— The problem —
Of the records that follow, copy only the lines from the line containing "constraint coincident P1 L0.end" to the line containing "blind 2 bodies", both included, exactly as written.

— Dataset —
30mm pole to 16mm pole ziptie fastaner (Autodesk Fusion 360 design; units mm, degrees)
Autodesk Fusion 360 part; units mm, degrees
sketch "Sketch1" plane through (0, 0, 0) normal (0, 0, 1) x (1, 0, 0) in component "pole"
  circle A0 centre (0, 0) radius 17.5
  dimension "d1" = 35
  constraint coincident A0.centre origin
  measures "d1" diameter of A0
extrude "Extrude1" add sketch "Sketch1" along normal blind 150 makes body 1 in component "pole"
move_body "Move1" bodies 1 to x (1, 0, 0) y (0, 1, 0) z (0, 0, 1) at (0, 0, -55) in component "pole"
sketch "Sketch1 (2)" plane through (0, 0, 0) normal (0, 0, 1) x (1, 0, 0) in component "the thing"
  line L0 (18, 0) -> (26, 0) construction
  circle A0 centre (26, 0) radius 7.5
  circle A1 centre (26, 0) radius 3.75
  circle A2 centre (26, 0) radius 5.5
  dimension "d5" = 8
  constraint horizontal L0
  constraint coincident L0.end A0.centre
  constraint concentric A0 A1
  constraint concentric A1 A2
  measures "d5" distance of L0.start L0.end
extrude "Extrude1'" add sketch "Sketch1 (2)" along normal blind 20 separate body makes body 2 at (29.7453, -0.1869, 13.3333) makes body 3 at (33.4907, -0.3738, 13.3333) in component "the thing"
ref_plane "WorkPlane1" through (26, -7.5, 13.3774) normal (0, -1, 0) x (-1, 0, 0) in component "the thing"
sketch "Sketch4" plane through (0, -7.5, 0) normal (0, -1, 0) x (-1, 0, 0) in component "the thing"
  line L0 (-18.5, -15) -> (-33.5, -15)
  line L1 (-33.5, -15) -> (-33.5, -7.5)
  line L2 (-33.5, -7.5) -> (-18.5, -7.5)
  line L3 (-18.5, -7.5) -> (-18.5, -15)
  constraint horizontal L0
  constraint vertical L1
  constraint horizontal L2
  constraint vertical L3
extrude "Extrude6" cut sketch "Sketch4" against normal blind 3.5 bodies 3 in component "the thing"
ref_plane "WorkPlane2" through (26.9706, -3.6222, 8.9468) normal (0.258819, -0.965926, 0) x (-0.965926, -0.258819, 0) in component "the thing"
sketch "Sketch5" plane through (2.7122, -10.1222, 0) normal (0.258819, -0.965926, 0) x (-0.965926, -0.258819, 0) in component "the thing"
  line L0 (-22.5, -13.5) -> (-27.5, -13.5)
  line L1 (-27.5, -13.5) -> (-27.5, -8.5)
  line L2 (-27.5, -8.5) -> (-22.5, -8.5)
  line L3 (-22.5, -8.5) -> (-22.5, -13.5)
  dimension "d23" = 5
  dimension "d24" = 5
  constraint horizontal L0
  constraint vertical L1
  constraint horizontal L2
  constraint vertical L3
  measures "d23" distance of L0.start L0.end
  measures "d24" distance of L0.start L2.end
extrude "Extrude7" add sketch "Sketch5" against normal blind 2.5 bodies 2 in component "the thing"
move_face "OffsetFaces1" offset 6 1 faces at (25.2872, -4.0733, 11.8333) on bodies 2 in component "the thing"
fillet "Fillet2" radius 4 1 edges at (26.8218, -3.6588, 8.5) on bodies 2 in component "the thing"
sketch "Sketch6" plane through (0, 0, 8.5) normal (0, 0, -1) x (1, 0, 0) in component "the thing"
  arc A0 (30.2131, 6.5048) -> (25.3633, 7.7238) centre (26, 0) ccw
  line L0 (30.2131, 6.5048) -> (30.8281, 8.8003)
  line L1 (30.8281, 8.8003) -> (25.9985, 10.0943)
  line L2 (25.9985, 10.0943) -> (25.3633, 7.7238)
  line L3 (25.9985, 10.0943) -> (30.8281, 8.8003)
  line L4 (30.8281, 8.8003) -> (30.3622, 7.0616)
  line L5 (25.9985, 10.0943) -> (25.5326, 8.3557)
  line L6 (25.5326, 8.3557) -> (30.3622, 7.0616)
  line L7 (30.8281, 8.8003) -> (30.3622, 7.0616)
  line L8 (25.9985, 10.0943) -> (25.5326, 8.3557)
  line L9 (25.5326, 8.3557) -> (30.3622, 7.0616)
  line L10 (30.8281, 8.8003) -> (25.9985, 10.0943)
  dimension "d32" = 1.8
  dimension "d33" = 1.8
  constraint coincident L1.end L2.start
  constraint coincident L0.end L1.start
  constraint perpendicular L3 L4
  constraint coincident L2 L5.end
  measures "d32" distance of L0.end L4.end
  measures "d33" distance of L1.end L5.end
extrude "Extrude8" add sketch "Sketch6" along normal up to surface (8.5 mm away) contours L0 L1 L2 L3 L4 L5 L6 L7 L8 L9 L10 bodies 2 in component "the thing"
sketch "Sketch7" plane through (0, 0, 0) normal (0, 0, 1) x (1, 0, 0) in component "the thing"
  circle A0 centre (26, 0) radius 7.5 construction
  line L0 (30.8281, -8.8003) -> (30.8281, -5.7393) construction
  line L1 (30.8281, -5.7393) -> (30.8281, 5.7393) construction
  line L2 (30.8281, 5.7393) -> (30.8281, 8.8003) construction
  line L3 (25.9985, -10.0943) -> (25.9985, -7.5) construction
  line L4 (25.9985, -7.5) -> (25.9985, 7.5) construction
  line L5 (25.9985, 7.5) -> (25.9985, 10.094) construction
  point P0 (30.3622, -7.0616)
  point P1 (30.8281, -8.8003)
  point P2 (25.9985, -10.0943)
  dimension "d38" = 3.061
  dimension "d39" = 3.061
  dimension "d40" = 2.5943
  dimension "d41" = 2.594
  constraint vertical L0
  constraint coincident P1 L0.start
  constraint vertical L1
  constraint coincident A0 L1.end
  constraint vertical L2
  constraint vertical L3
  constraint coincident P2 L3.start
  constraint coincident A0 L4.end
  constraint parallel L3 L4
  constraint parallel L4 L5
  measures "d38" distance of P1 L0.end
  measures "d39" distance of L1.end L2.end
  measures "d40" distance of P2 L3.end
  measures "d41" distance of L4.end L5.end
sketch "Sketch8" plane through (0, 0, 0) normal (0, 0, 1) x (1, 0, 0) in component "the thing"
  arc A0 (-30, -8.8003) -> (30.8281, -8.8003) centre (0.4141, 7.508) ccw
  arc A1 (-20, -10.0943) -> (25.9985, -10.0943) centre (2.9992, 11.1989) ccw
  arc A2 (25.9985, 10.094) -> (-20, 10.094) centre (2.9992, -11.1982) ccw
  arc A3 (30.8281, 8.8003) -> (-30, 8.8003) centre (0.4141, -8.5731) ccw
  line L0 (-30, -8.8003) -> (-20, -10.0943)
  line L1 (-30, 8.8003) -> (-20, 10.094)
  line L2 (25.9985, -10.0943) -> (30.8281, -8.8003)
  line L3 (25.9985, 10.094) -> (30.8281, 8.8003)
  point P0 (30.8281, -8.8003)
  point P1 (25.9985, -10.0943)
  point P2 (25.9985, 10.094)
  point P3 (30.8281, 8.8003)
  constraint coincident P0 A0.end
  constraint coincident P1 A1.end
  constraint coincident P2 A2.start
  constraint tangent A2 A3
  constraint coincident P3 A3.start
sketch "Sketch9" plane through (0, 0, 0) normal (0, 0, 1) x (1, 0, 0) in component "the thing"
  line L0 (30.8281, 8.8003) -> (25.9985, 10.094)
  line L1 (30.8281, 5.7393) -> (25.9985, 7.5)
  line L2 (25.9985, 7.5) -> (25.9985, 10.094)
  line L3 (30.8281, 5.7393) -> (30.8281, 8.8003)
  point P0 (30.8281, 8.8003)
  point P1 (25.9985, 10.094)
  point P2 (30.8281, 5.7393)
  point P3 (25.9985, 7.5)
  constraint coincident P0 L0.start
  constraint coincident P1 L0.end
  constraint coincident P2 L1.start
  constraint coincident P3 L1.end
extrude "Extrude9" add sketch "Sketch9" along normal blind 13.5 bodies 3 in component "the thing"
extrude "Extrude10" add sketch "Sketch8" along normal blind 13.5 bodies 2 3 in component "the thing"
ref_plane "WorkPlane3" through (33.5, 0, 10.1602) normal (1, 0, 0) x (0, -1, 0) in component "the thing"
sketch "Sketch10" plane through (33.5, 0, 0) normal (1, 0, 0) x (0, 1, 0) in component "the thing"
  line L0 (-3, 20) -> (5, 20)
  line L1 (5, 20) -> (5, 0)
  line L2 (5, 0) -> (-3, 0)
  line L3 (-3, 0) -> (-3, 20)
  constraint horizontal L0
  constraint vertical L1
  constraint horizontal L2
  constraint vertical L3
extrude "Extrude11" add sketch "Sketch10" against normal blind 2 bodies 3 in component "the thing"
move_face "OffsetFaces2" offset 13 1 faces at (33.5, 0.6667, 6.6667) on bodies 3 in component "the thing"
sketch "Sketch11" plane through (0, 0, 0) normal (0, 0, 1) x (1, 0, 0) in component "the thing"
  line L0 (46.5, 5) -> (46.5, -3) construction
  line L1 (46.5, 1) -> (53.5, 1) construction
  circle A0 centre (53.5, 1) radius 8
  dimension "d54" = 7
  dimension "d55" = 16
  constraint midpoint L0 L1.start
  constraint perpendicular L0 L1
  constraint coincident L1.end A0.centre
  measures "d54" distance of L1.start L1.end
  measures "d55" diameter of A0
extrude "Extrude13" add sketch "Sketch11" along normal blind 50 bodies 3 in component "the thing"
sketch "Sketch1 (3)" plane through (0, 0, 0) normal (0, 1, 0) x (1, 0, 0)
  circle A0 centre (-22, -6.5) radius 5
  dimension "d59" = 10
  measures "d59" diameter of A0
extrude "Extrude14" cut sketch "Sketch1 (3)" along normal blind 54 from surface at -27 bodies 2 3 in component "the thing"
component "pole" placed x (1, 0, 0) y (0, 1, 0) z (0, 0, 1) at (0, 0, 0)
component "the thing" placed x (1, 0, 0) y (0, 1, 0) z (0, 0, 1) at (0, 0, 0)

— Exercise response —
  constraint coincident P1 L0.end
  constraint coincident P2 L1.start
  constraint coincident P3 L1.end
extrude "Extrude9" add sketch "Sketch9" along normal blind 13.5 bodies 3 in component "the thing"
extrude "Extrude10" add sketch "Sketch8" along normal blind 13.5 bodies 2 3 in component "the thing"
ref_plane "WorkPlane3" through (33.5, 0, 10.1602) normal (1, 0, 0) x (0, -1, 0) in component "the thing"
sketch "Sketch10" plane through (33.5, 0, 0) normal (1, 0, 0) x (0, 1, 0) in component "the thing"
  line L0 (-3, 20) -> (5, 20)
  line L1 (5, 20) -> (5, 0)
  line L2 (5, 0) -> (-3, 0)
  line L3 (-3, 0) -> (-3, 20)
  constraint horizontal L0
  constraint vertical L1
  constraint horizontal L2
  constraint vertical L3
extrude "Extrude11" add sketch "Sketch10" against normal blind 2 bodies 3 in component "the thing"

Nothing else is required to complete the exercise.